Embedding layers are often _______
pre-trained
The embedding layer comes after the ______ layer but before ________ layer
input, hidden
Backpropagation through time (BPTT)
- Forward pass: process the sequence and store hidden states and outputs (data gets processed through the RNN basically)
- Unroll the RNN’s layers across time steps and essentially, turn all time steps kind of like into one network
- Calculate the loss at each time step and sum them up
- Calculate gradients of the loss based on outputs, hidden states, weights, and biases across time steps. Sum each gradient up.

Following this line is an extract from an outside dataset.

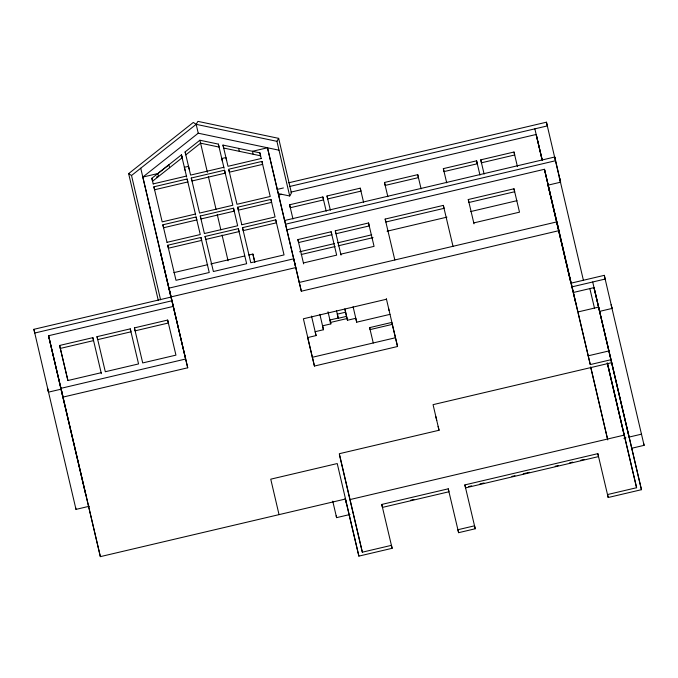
<?xml version="1.0" encoding="UTF-8"?>
<svg xmlns="http://www.w3.org/2000/svg" width="678" height="678" viewBox="0 0 678 678"><rect width="100%" height="100%" fill="white"/><g stroke="black" fill="none" stroke-linecap="round" stroke-linejoin="round"><path stroke-width="1.02" d="M160.576 299.786L131.524 175.509L196.171 124.337L197.9 121.362L278.658 138.354L291.438 193.018L289.709 195.984L279.15 193.764M289.709 195.984L276.929 141.329L278.658 138.354M158.262 300.312L128.642 173.627L193.289 122.447L196.171 124.337L276.929 141.329M345.526 499L100.361 556.638L48.553 335.729L60.986 389.206L48.519 392.13L33.9 329.313L171.026 297.083L173.212 306.422L48.553 335.729L63.054 397.088L187.721 367.79L142.821 177.077L198.239 133.202L279.005 150.194M158.686 172.873L181.424 154.847L182.119 157.804L152.558 181.212L151.872 178.255L168.89 164.779L169.576 167.737M218.367 144.109L219.053 147.067L200.595 143.177L185.814 154.881L185.119 151.923L199.9 140.227L218.367 144.109L224.071 168.288M142.821 177.077L157.821 173.551L158.508 176.5L156.508 176.975M171.136 296.879L295.803 267.573L267.479 147.77L252.496 151.296L253.182 154.245L260.598 155.813L259.911 152.855L222.986 145.084L223.672 148.033L253.182 154.245M153.203 183.891L186.442 176.077M223.842 167.28L190.603 175.094L185.119 151.923M261.242 158.491L228.003 166.305L222.986 145.084M187.136 178.992L187.823 181.95L154.584 189.764L153.889 186.806L187.136 178.992L195.645 215.011M191.289 178.017L224.537 170.203L232.825 205.264L199.578 213.078L191.289 178.017L191.984 180.975L225.223 173.161L224.537 170.203M261.937 161.415L228.689 169.229L236.978 204.29L270.225 196.476L261.937 161.415L262.623 164.364L229.384 172.178L228.918 170.212M288.718 182.789L546.451 122.201L547.324 125.913L289.591 186.501M284.591 220.672L277.226 189.408L283.404 187.95M195.425 214.062L162.178 221.876L153.889 186.806M278.531 195.044L281.624 194.315M290.887 192.137L536.171 134.473L542.222 160.11L536.171 134.473M196.112 216.977L196.806 219.935L163.567 227.749L162.873 224.799L196.112 216.977L200.264 234.546L167.017 242.326M233.512 208.188L234.207 211.146L200.959 218.96L200.273 216.002L233.512 208.188L237.656 225.757L204.417 233.537M270.912 199.4L271.607 202.349L238.359 210.163L237.673 207.214L270.912 199.4L275.056 216.96L241.817 224.749M322.847 196.959L323.542 199.917L290.294 207.731L289.608 204.773L322.847 196.959L326.211 211.189M360.247 188.17L360.942 191.128L327.694 198.942L327.008 195.984L360.247 188.17L363.611 202.4M417.733 174.653L418.419 177.611L385.18 185.425L384.485 182.475L417.733 174.653L421.097 188.882M476.6 160.822L477.287 163.771L444.048 171.585L443.353 168.636L476.6 160.822L479.965 175.043M514 152.025L514.687 154.982L481.448 162.796L480.753 159.839L514 152.025L517.45 166.669M167.712 245.25L200.951 237.436L209.239 272.497L176 280.311L167.712 245.25L168.398 248.207L201.646 240.393L200.951 237.436M205.103 236.461L238.351 228.647L246.639 263.708L213.392 271.522L205.103 236.461L205.798 239.41L239.037 231.596L238.351 228.647M242.504 227.664L275.751 219.85L284.04 254.92L250.792 262.733L242.504 227.664L243.199 230.622L276.438 222.808L275.751 219.85M285.514 224.206L555.613 160.711L554.74 157.008L284.641 220.503L286.938 230.351M331.135 231.766L331.83 234.724L298.583 242.538L297.896 239.58L331.135 231.766L336.661 255.14L303.422 262.954M368.535 222.977L369.23 225.927L335.983 233.741L335.296 230.791L368.535 222.977L374.061 246.351L340.822 254.165M443.336 205.392L444.022 208.349L385.85 222.02L385.155 219.07L443.336 205.392L453.006 246.3M513.975 188.781L514.67 191.738L468.956 202.485L468.269 199.527L513.975 188.781L519.501 212.163L473.795 222.909M173.873 272.632L207.731 264.674M210.807 263.945L244.673 255.987M248.775 255.021L252.877 254.064L254.792 262.149M554.74 157.008L560.604 182.196L548.138 185.128L544.459 169.28L286.819 229.842L301.329 291.209L558.96 230.647L544.459 169.28L575.885 303.71M299.557 251.792L334.601 243.546M337.644 242.834L371.697 234.825M387.062 231.215L446.929 217.146M470.447 211.612L517.009 200.671M301.244 254.504L335.101 246.546M338.186 245.826L373.07 237.622M171.898 300.786L34.773 333.025L33.9 329.313M299.252 282.446L556.892 221.876L590.275 364.578L611.056 359.696L641.447 489.694L608.2 497.508L597.843 453.65L464.871 484.906L465.557 487.863L598.53 456.599L597.843 453.65M101.158 372.714L67.91 380.528L59.622 345.466L92.869 337.652L101.369 373.663M97.022 336.669L130.269 328.855L138.558 363.925L105.31 371.739L97.022 336.669L97.717 339.627L130.956 331.813L130.269 328.855M134.422 327.881L167.661 320.067L175.949 355.128L142.711 362.942L134.422 327.881L135.108 330.839L168.356 323.016L167.661 320.067M60.317 348.416L93.556 340.602L92.869 337.652M386.494 299.235L303.388 318.779L314.439 366.044L397.545 346.509L386.35 298.693M389.952 314.372L356.704 322.186L355.789 318.287L347.475 320.245L346.551 316.346L338.246 318.296L336.559 310.846M330.194 322.508L347.712 318.389M328.008 311.77L330.856 323.889L322.542 325.838L323.465 329.737L315.151 331.695L316.075 335.585L307.761 337.542M392.257 324.389L370.095 329.601L369.629 327.627L391.791 322.423L397.545 346.509M571.054 283.158L604.293 275.344L605.166 279.056L571.927 286.87L573.02 291.565M611.056 359.696L594.013 287.616L573.241 292.506L577.842 311.982L598.623 307.1L641.447 489.694M395.477 337.746L312.372 357.281L314.439 366.044M641.481 434.166L629.015 437.098L599.538 311.388L612.005 308.456L604.293 275.344M588.207 355.814L608.98 350.933M611.742 362.654L433.064 404.656L439.047 430.259L339.322 453.709L362.34 552.189L391.435 545.349L392.121 548.307L358.882 556.121L345.238 498.372L346.45 503.525M75.572 507.542L76.004 509.381L89.411 506.229M339.381 454.548L349.907 499.593L624.167 435.123L636.6 487.719L607.513 494.559L608.2 497.508M623.879 438.31L625.93 437.827M448.251 488.813L448.938 491.77L382.451 507.398L381.765 504.44L448.251 488.813L458.608 532.679L475.227 528.772L474.541 525.814L457.921 529.721L458.608 532.679M336.161 515.797L336.602 517.636L350.001 514.483M410.834 500.186L413.927 499.457M468.574 486.609L471.668 485.88M479.914 483.948L484.041 482.973M511.882 476.431L514.966 475.702M523.221 473.761L529.408 472.312M555.18 466.252L558.274 465.523M569.613 462.862L572.707 462.133M580.953 460.192L584.046 459.464M632.015 448.192L644.1 445.344L611.132 304.753M128.642 173.627L131.524 175.509M611.573 306.617L612.005 308.456M643.659 443.514L644.1 445.344M599.31 310.058L594.013 287.616M589.86 288.599L594.462 308.075M546.451 122.201L583.436 280.438M548.044 184.713L549.985 192.916M578.08 313.007L590.275 364.578M480.753 159.839L484.117 174.068M468.269 199.527L473.998 223.825M443.353 168.636L446.717 182.865M464.871 484.906L475.227 528.772M384.485 182.475L387.85 196.696M435.827 416.563L436.742 420.453M438.124 426.369L439.047 430.259M385.155 219.07L394.825 259.979M388.57 308.524L389.028 310.473M369.629 327.627L373.264 343.009M335.296 230.791L341.034 255.089M327.008 195.984L330.372 210.214M344.941 309.27L345.636 312.185L337.322 314.143L338.246 318.041L329.932 319.991L330.856 323.889M381.765 504.44L392.121 548.307M297.896 239.58L303.634 263.878M289.608 204.773L292.972 219.002M349.907 499.593L362.34 552.189M307.617 337.424L312.397 357.653M259.911 152.855L261.267 158.627M237.673 207.214L241.817 224.774M200.273 216.002L204.417 233.571M186.679 177.077L181.424 154.847L182.111 157.796M151.872 178.255L153.228 184.026M162.873 224.799L167.017 242.36M160.084 250.936L171.237 298.1M172.449 303.227L187.721 367.79M59.622 345.466L67.91 380.528M48.079 390.299L48.519 392.13M607.225 362.857L624.853 438.073L607.386 363.332M559.731 178.492L560.604 182.196M559.274 177.356L560.147 181.06M571.274 284.09L571.927 286.87M548.163 186.035L560.63 239.232M561.113 241.283L565.427 259.691L548.163 185.772M565.91 261.742L570.707 282.201L565.91 261.683M590.843 367.79L607.539 439.022M277.226 189.408L267.479 147.77M332.745 501.178L336.602 517.636M60.986 389.206L85.852 495.271M47.646 388.426L76.004 509.381M607.59 363.628L636.6 487.719M590.682 366.891L607.751 439.929M353.102 306.77L356.704 322.186M344.831 308.939L347.475 320.245M345.594 312.236L346.551 316.346M319.863 314.321L323.465 329.737M311.507 316.067L316.075 335.585M301.329 291.209L293.727 258.81L169.068 288.116L185.645 359.018L60.986 388.325L100.361 556.638M358.882 556.121L337.237 463.549L270.751 479.176L279.039 514.627M238.648 148.38L239.342 151.33M252.877 254.064L254.801 262.284M226.621 160.491L225.927 157.542L221.774 158.516L222.46 161.466M196.171 124.337L198.239 133.202M199.9 140.227L207.383 172.305M208.349 176.416L216.045 209.341M217.248 214.485L220.859 229.918M222.062 235.063L228.071 260.793M189.221 169.288L188.526 166.33L184.374 167.305L185.06 170.263M140.744 168.212L170.966 297.464M592.708 281.98L599.538 311.388M534.857 128.837L541.925 159.237"/></g></svg>

- Adjust the weights and biases by inputting the summed up gradient into a gradient descent function
Computing Requirements Backpropagation vs. BPTT
Backpropagation:
Less memory and processing power required
BPTT:
More memory and processing power required
There is ____________ dependency in BPTT
explain briefly as well
temporal
Essentially, there is a rule for the order in time we backpropagate
Vanishing Gradient Problem in RNN
BPTT suffers from this problem more severely than normal backpropagation since there is repeated multiplication of smaller and smaller values over many time steps. So we’re not going through just layers, we are going through layers multiplied by the number of time steps.
As the sigmoid function ___________, the derivative _______
increases, decreases
3 pros of an RNN
- Can handle sequential data (e.g. sentences)
- Has capability to remember information from previous inputs due to its internal state
- Flexibility to handle different types of sequential data like text, audio, video and time series data
3 cons of an RNN
- More prone to vanishing gradient problem since it has to multiply gradients over all time steps.
- Can be memory intensive for a computer to train
- Time-consuming to train, particularly for long sequences or large datasets. This is due to the sequential nature of data processing in RNNs.